Pornography finds the supposed trilogy’s protagonist in the throes of abject insanity; the walls are bleeding, the sky is falling. “One Hundred Years” sets the tone: mechanic drumming clears the way for a spiraling, intestinal guitar line, with Smith’s voice throttling an emphatic, “It doesn’t matter if we all die” --- and things actually get more depressing from there. The album’s first half is dominated by this sound, like Closer-era Joy Division under a billion-watt heat lamp, with buzzing, paranoid, six-minute “songs” that seem to serve more as clearing houses for Smith’s bottomless misery than for any sort of listening pleasure. The band catches its breath with “Siamese Twins” and “The Figurehead,” opening up for air and healing the listener’s lacerated ears. The emotional bottoming out that occurs in the final three tracks --- particularly the album-closing title cut --- are just fucking devastating. These are poisonous sequences with no hope of even a cathartic renewal. This is hardcore.

Because it’s nigh-unlistenable, Pornography has the reputation of being the Cure fan’s Cure album. This is well-earned: even some of the most black-clad of devotees scoff at the album’s abrasive production and ludicrous lyrics. But Rhino’s remastered edition may finally open the cult up. In short, the album sounds phenomenal. Its tinny drums have finally been given the heft they need; they throb and spit in a convincing facsimile of the narrator’s title obsession. The guitars are suitably sinewy, and the vocals are infinitely more intelligible. If previous attempts at absorbing the album have failed, or descriptions like the one above (read: “fucking devastating”) have scared you away, this reissue is an excellent opportunity to give it another shot.

Or, you know, maybe not. Twenty-two bucks is a lot to pay for an album that essentially serves no greater purpose than to depress the living shit out of its listener. Rhino exacerbates the situation (see also: ups the price) by giving each album a second disc of outtakes, live cuts, and rarities, almost all of which are worthless. Part of the problem is that the vast wealth of the band’s unreleased output was already released on the Join the Dots box set. Its four discs exhibit the band’s sterling vault of b-sides, but the leftovers that comprise the second discs of these packages are not so impressive. The decision to release the best b-sides on a separate box set robs fans of a) a stellar opportunity to have definitive re-releases of the Cure’s work, and b) tons of fucking money.

Of course, it’s the Faith package that provides the exception to the rule. Tacked on to the end of the first disc is “Carnage Visors: The Soundtrack,” a 28-minute instrumental epic that fades and rolls and melts toward an unlikely climax; it falls apart, finds a new cycle, and continues burning quietly even as the volume fades. It’s a side of the Cure not often seen, and it serves as an excellent expansion upon the sonic themes explored in the album proper.

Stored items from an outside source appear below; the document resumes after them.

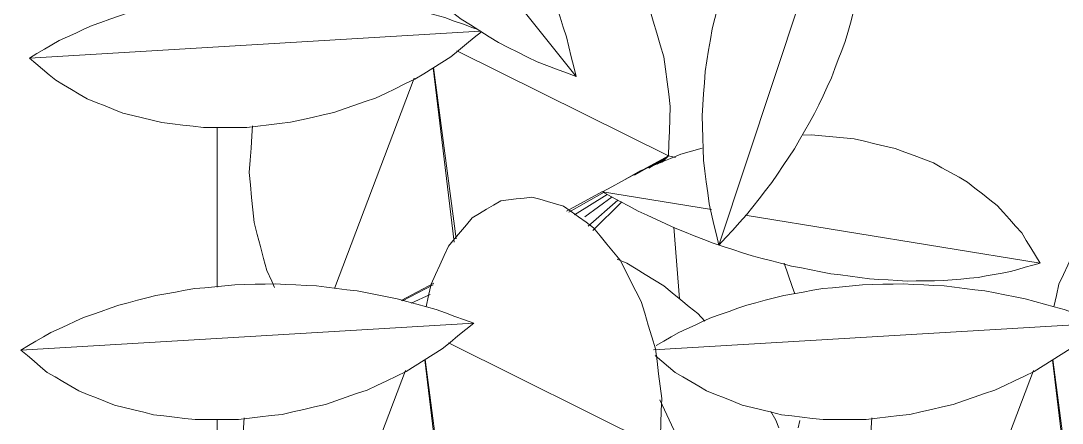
# Model space of a CAD drawing. Header units: metres. Extents: x 10.2 to 20.8, y -0.2 to 6.6.
# Drawn here: x 17.7611 to 17.8876, y 0.3049 to 0.3537 of the extents above; entities that cross this region are included whole.
import ezdxf

# ---------------------------------------------------------------- set-up
doc = ezdxf.new("R2010")
doc.units = ezdxf.units.M
for name, color, linetype, lineweight in [('Importações nas famílias', 250, 'Continuous', 5), ('Pilares estruturais', 7, 'Continuous', 5), ('Vegetação', 7, 'Continuous', 5)]:
    doc.layers.add(name, color=color, linetype=linetype, lineweight=lineweight)

# ---------------------------------------------------------------- blocks, each defined once
blk = doc.blocks.new('Planta_pergolado_12200 - plantas pergolado_skp_Component_12-V96-Corte 3')
at = {"layer": 'Importações nas famílias'}
blk.add_line((17.86232, 0.37591), (17.84592, 0.32646), dxfattribs=at)
at = {"layer": 'Importações nas famílias', "flags": 128}
for points in [[(17.8451, 0.35274), (17.84544, 0.35397), (17.84577, 0.35521), (17.84611, 0.35644), (17.84645, 0.35767)], [(17.86251, 0.35559), (17.8622, 0.35449), (17.86189, 0.35339), (17.86157, 0.35229), (17.86126, 0.35119)], [(17.84424, 0.34753), (17.84446, 0.34883), (17.84467, 0.35013), (17.84489, 0.35143), (17.8451, 0.35274)], [(17.86126, 0.35119), (17.86084, 0.35009), (17.86043, 0.34899), (17.86001, 0.34789), (17.85959, 0.34679)], [(17.84389, 0.34217), (17.84398, 0.34351), (17.84407, 0.34485), (17.84416, 0.34619), (17.84424, 0.34753)], [(17.85959, 0.34679), (17.85908, 0.3457), (17.85857, 0.34461), (17.85805, 0.34352), (17.85754, 0.34244)], [(17.84406, 0.33679), (17.84402, 0.33813), (17.84398, 0.33948), (17.84394, 0.34082), (17.84389, 0.34217)], [(17.85754, 0.34244), (17.85693, 0.34137), (17.85633, 0.34031), (17.85572, 0.33925), (17.85511, 0.33818)], [(17.85511, 0.33818), (17.85442, 0.33715), (17.85373, 0.33613), (17.85304, 0.3351), (17.85235, 0.33407)], [(17.84474, 0.33151), (17.84457, 0.33283), (17.8444, 0.33415), (17.84423, 0.33547), (17.84406, 0.33679)], [(17.85235, 0.33407), (17.85158, 0.33309), (17.85081, 0.33211), (17.85004, 0.33113), (17.84927, 0.33015)], [(17.84592, 0.32646), (17.84562, 0.32773), (17.84533, 0.32899), (17.84504, 0.33025), (17.84474, 0.33151)], [(17.84927, 0.33015), (17.84843, 0.32923), (17.8476, 0.32831), (17.84676, 0.32739), (17.84592, 0.32646)]]:
    blk.add_lwpolyline(points, dxfattribs=at)
blk = doc.blocks.new('Planta_pergolado_12200 - plantas pergolado_skp_Component_12-V97-Corte 3')
at = {"layer": 'Importações nas famílias'}
blk.add_line((17.79528, 0.38864), (17.82858, 0.34692), dxfattribs=at)
at = {"layer": 'Importações nas famílias', "flags": 128}
for points in [[(17.79482, 0.38509), (17.79494, 0.38597), (17.79505, 0.38686), (17.79517, 0.38775), (17.79528, 0.38864)], [(17.79528, 0.38864), (17.79623, 0.38829), (17.79718, 0.38795), (17.79813, 0.3876), (17.79908, 0.38725)], [(17.79908, 0.38725), (17.80001, 0.38678), (17.80094, 0.38631), (17.80188, 0.38585), (17.80281, 0.38538)], [(17.79508, 0.38123), (17.79502, 0.3822), (17.79495, 0.38316), (17.79489, 0.38412), (17.79482, 0.38509)], [(17.80281, 0.38538), (17.80372, 0.38479), (17.80462, 0.38421), (17.80553, 0.38362), (17.80644, 0.38304)], [(17.80644, 0.38304), (17.80731, 0.38235), (17.80818, 0.38165), (17.80906, 0.38096), (17.80993, 0.38027)], [(17.79606, 0.37717), (17.79582, 0.37819), (17.79557, 0.3792), (17.79533, 0.38022), (17.79508, 0.38123)], [(17.80993, 0.38027), (17.81075, 0.37947), (17.81158, 0.37868), (17.81241, 0.37789), (17.81324, 0.37709)], [(17.79774, 0.37301), (17.79732, 0.37405), (17.7969, 0.37509), (17.79648, 0.37613), (17.79606, 0.37717)], [(17.81324, 0.37709), (17.81401, 0.3762), (17.81478, 0.37532), (17.81555, 0.37443), (17.81632, 0.37354)], [(17.81632, 0.37354), (17.81703, 0.37257), (17.81774, 0.3716), (17.81845, 0.37063), (17.81916, 0.36967)], [(17.80006, 0.36883), (17.79948, 0.36987), (17.7989, 0.37092), (17.79832, 0.37196), (17.79774, 0.37301)], [(17.81916, 0.36967), (17.8198, 0.36862), (17.82044, 0.36758), (17.82108, 0.36654), (17.82172, 0.3655)], [(17.80299, 0.36473), (17.80226, 0.36575), (17.80153, 0.36678), (17.8008, 0.3678), (17.80006, 0.36883)], [(17.80646, 0.36082), (17.80559, 0.3618), (17.80472, 0.36277), (17.80386, 0.36375), (17.80299, 0.36473)], [(17.82172, 0.3655), (17.82228, 0.3644), (17.82284, 0.3633), (17.8234, 0.36219), (17.82396, 0.36109)], [(17.81037, 0.35718), (17.80939, 0.35809), (17.80841, 0.359), (17.80743, 0.35991), (17.80646, 0.36082)], [(17.82396, 0.36109), (17.82443, 0.35994), (17.82491, 0.35879), (17.82539, 0.35764), (17.82586, 0.35649)], [(17.81464, 0.3539), (17.81357, 0.35472), (17.8125, 0.35554), (17.81144, 0.35636), (17.81037, 0.35718)], [(17.82586, 0.35649), (17.82625, 0.35531), (17.82664, 0.35412), (17.82702, 0.35294), (17.82741, 0.35175)], [(17.81917, 0.35105), (17.81804, 0.35176), (17.81691, 0.35247), (17.81577, 0.35319), (17.81464, 0.3539)], [(17.82741, 0.35175), (17.8277, 0.35055), (17.82799, 0.34934), (17.82829, 0.34813), (17.82858, 0.34692)], [(17.82385, 0.34871), (17.82268, 0.34929), (17.82151, 0.34988), (17.82034, 0.35047), (17.81917, 0.35105)], [(17.82858, 0.34692), (17.8274, 0.34737), (17.82622, 0.34782), (17.82504, 0.34826), (17.82385, 0.34871)]]:
    blk.add_lwpolyline(points, dxfattribs=at)
blk = doc.blocks.new('Planta_pergolado_12200 - plantas pergolado_skp_Component_12-V101-Corte 3')
at = {"layer": 'Importações nas famílias'}
blk.add_line((17.76115, 0.31376), (17.81615, 0.31703), dxfattribs=at)
at = {"layer": 'Importações nas famílias', "flags": 128}
for points in [[(17.78228, 0.32121), (17.78349, 0.32132), (17.7847, 0.32144), (17.78591, 0.32156), (17.78713, 0.32168)], [(17.78713, 0.32168), (17.78836, 0.3217), (17.7896, 0.32173), (17.79083, 0.32176), (17.79207, 0.32179)], [(17.79207, 0.32179), (17.79331, 0.32172), (17.79455, 0.32166), (17.79579, 0.3216), (17.79704, 0.32154)], [(17.79704, 0.32154), (17.79827, 0.32138), (17.79951, 0.32123), (17.80075, 0.32108), (17.80199, 0.32093)], [(17.77305, 0.31921), (17.77418, 0.3195), (17.77531, 0.31979), (17.77644, 0.32009), (17.77756, 0.32038)], [(17.77756, 0.32038), (17.77874, 0.32059), (17.77992, 0.32079), (17.7811, 0.321), (17.78228, 0.32121)], [(17.80199, 0.32093), (17.8032, 0.32068), (17.80442, 0.32044), (17.80564, 0.3202), (17.80686, 0.31996)], [(17.76877, 0.3177), (17.76984, 0.31808), (17.77091, 0.31845), (17.77198, 0.31883), (17.77305, 0.31921)], [(17.80686, 0.31996), (17.80804, 0.31964), (17.80923, 0.31931), (17.81041, 0.31898), (17.8116, 0.31866)], [(17.76479, 0.31588), (17.76579, 0.31633), (17.76678, 0.31679), (17.76778, 0.31725), (17.76877, 0.3177)], [(17.8116, 0.31866), (17.81273, 0.31825), (17.81387, 0.31784), (17.81501, 0.31744), (17.81615, 0.31703)], [(17.81615, 0.31703), (17.81519, 0.31625), (17.81423, 0.31546), (17.81327, 0.31468), (17.81231, 0.3139)], [(17.76115, 0.31376), (17.76206, 0.31429), (17.76297, 0.31482), (17.76388, 0.31535), (17.76479, 0.31588)], [(17.76435, 0.31105), (17.76355, 0.31173), (17.76275, 0.31241), (17.76195, 0.31308), (17.76115, 0.31376)], [(17.81231, 0.3139), (17.81123, 0.31322), (17.81014, 0.31254), (17.80905, 0.31185), (17.80796, 0.31117)], [(17.80796, 0.31117), (17.80677, 0.3106), (17.80558, 0.31004), (17.80439, 0.30947), (17.8032, 0.3089)], [(17.76817, 0.30881), (17.76722, 0.30937), (17.76626, 0.30993), (17.76531, 0.31049), (17.76435, 0.31105)], [(17.77251, 0.30708), (17.77142, 0.30751), (17.77034, 0.30794), (17.76925, 0.30838), (17.76817, 0.30881)], [(17.8032, 0.3089), (17.80193, 0.30847), (17.80066, 0.30803), (17.7994, 0.30759), (17.79813, 0.30715)], [(17.77726, 0.30591), (17.77607, 0.3062), (17.77488, 0.3065), (17.7737, 0.30679), (17.77251, 0.30708)], [(17.79813, 0.30715), (17.79682, 0.30685), (17.79551, 0.30655), (17.79419, 0.30625), (17.79288, 0.30595)], [(17.78232, 0.30533), (17.78106, 0.30547), (17.77979, 0.30562), (17.77853, 0.30577), (17.77726, 0.30591)], [(17.78757, 0.30534), (17.78626, 0.30534), (17.78494, 0.30533), (17.78363, 0.30533), (17.78232, 0.30533)], [(17.79288, 0.30595), (17.79155, 0.3058), (17.79022, 0.30565), (17.7889, 0.30549), (17.78757, 0.30534)]]:
    blk.add_lwpolyline(points, dxfattribs=at)
blk = doc.blocks.new('Planta_pergolado_12200 - plantas pergolado_skp_Component_17-V102-Corte 3')
at = {"layer": 'Importações nas famílias'}
for p, q in [((17.81307, 0.31463), (17.83876, 0.30189)), ((17.8102, 0.31258), (17.81315, 0.28797)), ((17.81345, 0.28818), (17.81024, 0.31261)), ((17.79549, 0.27862), (17.80787, 0.31129))]:
    blk.add_line(p, q, dxfattribs=at)
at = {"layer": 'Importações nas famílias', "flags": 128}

It is, technically, the soundtrack to a film made by bassist Simon Gallup’s brother, but this fact only illuminates how on-point the band was during this phase: a tossed-off jam as a fraternal favor ends up a blistering statement of the band’s ambient chops. Pornography may be a bit much for casual fans, and 17 Seconds is too wan for almost anyone, but Faith posits itself here as one of the Cure’s very best albums, easily on par with Three Imaginary Boys and The Head on the Door (if not Disintegration). Call it The Cure Strikes Back: if these albums are a trilogy, Smith followed Lucas’s template and put its strongest part right in the middle. Among the hallowed ranks of Cure albums, Faith is a sleeper classic.